A polemic that can only be loved by the advertisers here, who stand to make more profits from scarcity of cooking space.

23

@12,

Every in-tact family on the fucking planet already utilize shared kitchens and bathrooms. The knowledge and basic common sense necessary to avoid contamination should have been taught to you in elementary school.

24

Charles has apparently received another transmission from Planet Derschang, which he's dutifully committed to print.

25

Private bedrooms and bathrooms are enormously inefficient, too.

Of course, we have known all of this for centuries now, and most contemporary societies have a subpopulation who live far closer to this efficient ideal: the military.

They sleep efficiently in tightly-packed bunks. They do not own or maintain any more clothing than necessary. They dine together efficiently in communal mess halls, on food prepared for all. They piss and shit efficiently in large communal latrines. There is no standing out, no buying your way out: every participant must eat and sleep and excrete in the optimal manner determined by the society's philosophical imperative. The individual is nothing, the group is everything.

This is the way to do it, this will be your way of life in the world Mudede demands.

27

Thus, Chuckles has penned another "It's good for thee, but don't expect me" treatises. As tiresome as it is predictable. Served with the usual intellectual pretension.

Oh, and Charles, the words are spelled: "alleys," and "capital."

28

When I was young we called these dormitories it you were in your late teens and/or 20s, usually 2 to a room, communal bathrooms, cafeterias, scheduled meal times cafeterias staff to clean the common areas and cook the meals. Oh and of course a paid house mother to over see things. Generally they were attached to a school of some sort.

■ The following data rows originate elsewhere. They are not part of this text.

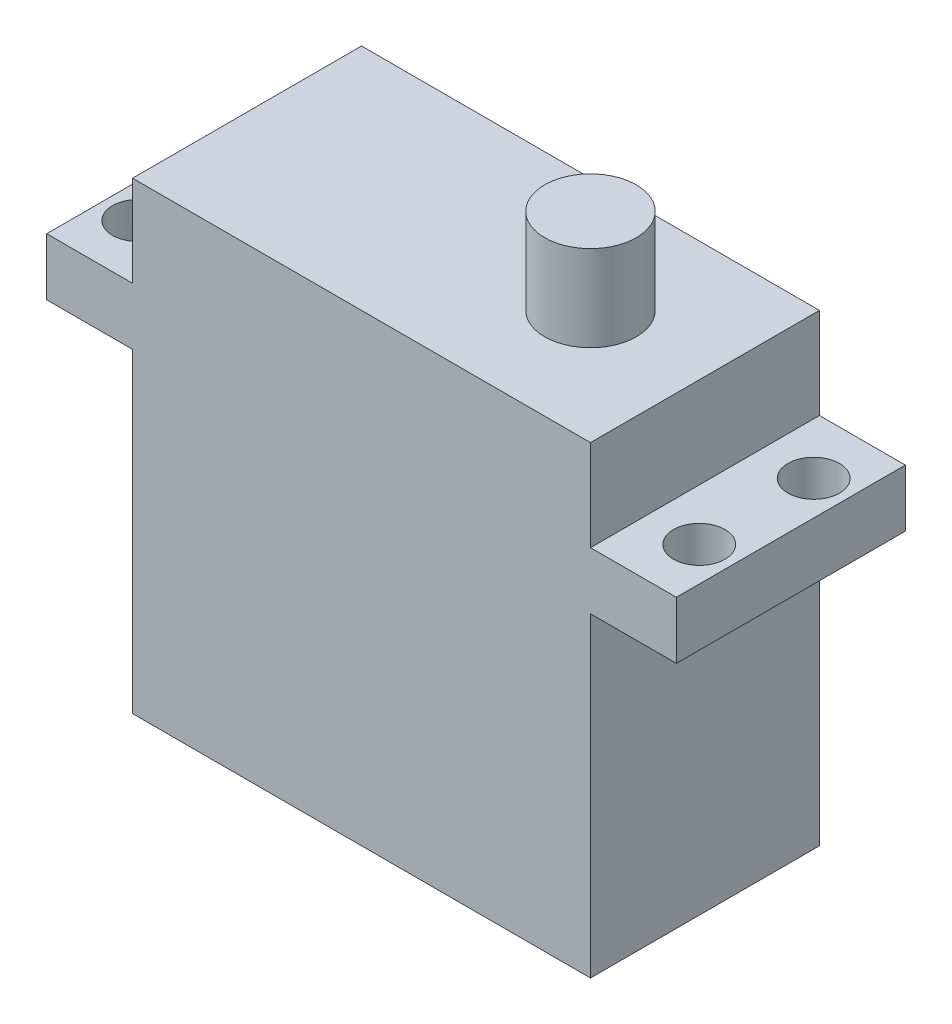
ISO-10303-21;
HEADER;
FILE_DESCRIPTION(('STEP AP214'),'2;1');
FILE_NAME('part.step','',(''),(''),'','','');
FILE_SCHEMA(('AUTOMOTIVE_DESIGN { 1 0 10303 214 1 1 1 1 }'));
ENDSEC;
DATA;
#1=APPLICATION_CONTEXT('core data for automotive mechanical design processes');
#2=APPLICATION_PROTOCOL_DEFINITION('international standard','automotive_design',2000,#1);
#3=PRODUCT_CONTEXT('',#1,'mechanical');
#4=PRODUCT('Part','Part','',(#3));
#5=PRODUCT_RELATED_PRODUCT_CATEGORY('part','',(#4));
#6=PRODUCT_DEFINITION_FORMATION('','',#4);
#7=PRODUCT_DEFINITION_CONTEXT('part definition',#1,'design');
#8=PRODUCT_DEFINITION('design','',#6,#7);
#9=PRODUCT_DEFINITION_SHAPE('','',#8);
#10=(LENGTH_UNIT() NAMED_UNIT(*) SI_UNIT(.MILLI.,.METRE.));
#11=(NAMED_UNIT(*) PLANE_ANGLE_UNIT() SI_UNIT($,.RADIAN.));
#12=(NAMED_UNIT(*) SI_UNIT($,.STERADIAN.) SOLID_ANGLE_UNIT());
#13=UNCERTAINTY_MEASURE_WITH_UNIT(LENGTH_MEASURE(1.E-05),#10,'distance_accuracy_value','');
#14=(GEOMETRIC_REPRESENTATION_CONTEXT(3) GLOBAL_UNCERTAINTY_ASSIGNED_CONTEXT((#13)) GLOBAL_UNIT_ASSIGNED_CONTEXT((#10,
#11,#12)) REPRESENTATION_CONTEXT('',''));
#15=CARTESIAN_POINT('',(0.,0.,0.));
#16=DIRECTION('',(0.,0.,1.));
#17=DIRECTION('',(1.,0.,0.));
#18=AXIS2_PLACEMENT_3D('',#15,#16,#17);
#19=CARTESIAN_POINT('',(-20.,40.5,-10.));
#20=DIRECTION('',(1.,0.,0.));
#21=DIRECTION('',(0.,0.,-1.));
#22=AXIS2_PLACEMENT_3D('',#19,#20,#21);
#23=PLANE('',#22);
#24=DIRECTION('',(0.,-1.,0.));
#25=VECTOR('',#24,1.);
#26=CARTESIAN_POINT('',(-20.,40.5,10.));
#27=LINE('',#26,#25);
#28=CARTESIAN_POINT('',(-20.,27.55,10.));
#29=VERTEX_POINT('',#28);
#30=CARTESIAN_POINT('',(-20.,0.,10.));
#31=VERTEX_POINT('',#30);
#32=EDGE_CURVE('E252',#29,#31,#27,.T.);
#33=ORIENTED_EDGE('',*,*,#32,.F.);
#34=DIRECTION('',(0.,0.,-1.));
#35=VECTOR('',#34,1.);
#36=CARTESIAN_POINT('',(-20.,27.55,10.));
#37=LINE('',#36,#35);
#38=CARTESIAN_POINT('',(-20.,27.55,-10.));
#39=VERTEX_POINT('',#38);
#40=EDGE_CURVE('E158',#29,#39,#37,.T.);
#41=ORIENTED_EDGE('',*,*,#40,.T.);
#42=DIRECTION('',(0.,-1.,0.));
#43=VECTOR('',#42,1.);
#44=CARTESIAN_POINT('',(-20.,40.5,-10.));
#45=LINE('',#44,#43);
#46=CARTESIAN_POINT('',(-20.,0.,-10.));
#47=VERTEX_POINT('',#46);
#48=EDGE_CURVE('E255',#39,#47,#45,.T.);
#49=ORIENTED_EDGE('',*,*,#48,.T.);
#50=DIRECTION('',(0.,0.,1.));
#51=VECTOR('',#50,1.);
#52=CARTESIAN_POINT('',(-20.,0.,-10.));
#53=LINE('',#52,#51);
#54=EDGE_CURVE('E243',#47,#31,#53,.T.);
#55=ORIENTED_EDGE('',*,*,#54,.T.);
#56=EDGE_LOOP('',(#33,#41,#49,#55));
#57=FACE_BOUND('',#56,.T.);
#58=ADVANCED_FACE('F45',(#57),#23,.F.);
#59=CARTESIAN_POINT('',(20.,40.5,-10.));
#60=DIRECTION('',(-1.,0.,0.));
#61=DIRECTION('',(0.,0.,1.));
#62=AXIS2_PLACEMENT_3D('',#59,#60,#61);
#63=PLANE('',#62);
#64=DIRECTION('',(0.,0.,1.));
#65=VECTOR('',#64,1.);
#66=CARTESIAN_POINT('',(20.,32.55,10.));
#67=LINE('',#66,#65);
#68=CARTESIAN_POINT('',(20.,32.55,-10.));
#69=VERTEX_POINT('',#68);
#70=CARTESIAN_POINT('',(20.,32.55,10.));
#71=VERTEX_POINT('',#70);
#72=EDGE_CURVE('E190',#69,#71,#67,.T.);
#73=ORIENTED_EDGE('',*,*,#72,.F.);
#74=DIRECTION('',(0.,-1.,0.));
#75=VECTOR('',#74,1.);
#76=CARTESIAN_POINT('',(20.,40.5,-10.));
#77=LINE('',#76,#75);
#78=CARTESIAN_POINT('',(20.,40.5,-10.));
#79=VERTEX_POINT('',#78);
#80=EDGE_CURVE('E11',#79,#69,#77,.T.);
#81=ORIENTED_EDGE('',*,*,#80,.F.);
#82=DIRECTION('',(0.,0.,-1.));
#83=VECTOR('',#82,1.);
#84=CARTESIAN_POINT('',(20.,40.5,-10.));
#85=LINE('',#84,#83);
#86=CARTESIAN_POINT('',(20.,40.5,10.));
#87=VERTEX_POINT('',#86);
#88=EDGE_CURVE('E221',#87,#79,#85,.T.);
#89=ORIENTED_EDGE('',*,*,#88,.F.);
#90=DIRECTION('',(0.,-1.,0.));
#91=VECTOR('',#90,1.);
#92=CARTESIAN_POINT('',(20.,40.5,10.));
#93=LINE('',#92,#91);
#94=EDGE_CURVE('E249',#87,#71,#93,.T.);
#95=ORIENTED_EDGE('',*,*,#94,.T.);
#96=EDGE_LOOP('',(#73,#81,#89,#95));
#97=FACE_BOUND('',#96,.T.);
#98=ADVANCED_FACE('F47',(#97),#63,.F.);
#99=DIRECTION('',(0.,0.,-1.));
#100=VECTOR('',#99,1.);
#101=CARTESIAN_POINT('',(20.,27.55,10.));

There were also rooms to rent boarding houses that if you were lucky run by the owner occupied and served one meal a day you could buy into. Shared bath and no kitchen privileges.

Or single room tenement houses/buildings with communal bathrooms on each floor if you were lucky hot water.

Why Charles feels romantic about these types of living accommodations I don't know but they have or had a purpose and can fill a short term need for the young.

29

I don't know how sanitary or unsanitary communal living is, but I remember well the petty arguments about dishes left in the sink, old stuff in the refrigerator, personal food that was eaten by someone else, and recipes that stink up the entire place. Not to mention spats about who needed to clean the bathroom.

No thank you.

30

Harry Dexter White was a Soviet asset who passed numerous secrets to the USSR so he would be quite familiar with the ways of rats. Leave it to Mudede to admire him.

32

This is satire, right?

33

A kitchen is the soul of a family. No wonder a marxist hates them.

34

@19 maybe he thought your place was unsanitary not because it was small, but because the walls were covered in bile spewed during your ageist, fatphobic rants.

35

My meta-analysis is "trolling."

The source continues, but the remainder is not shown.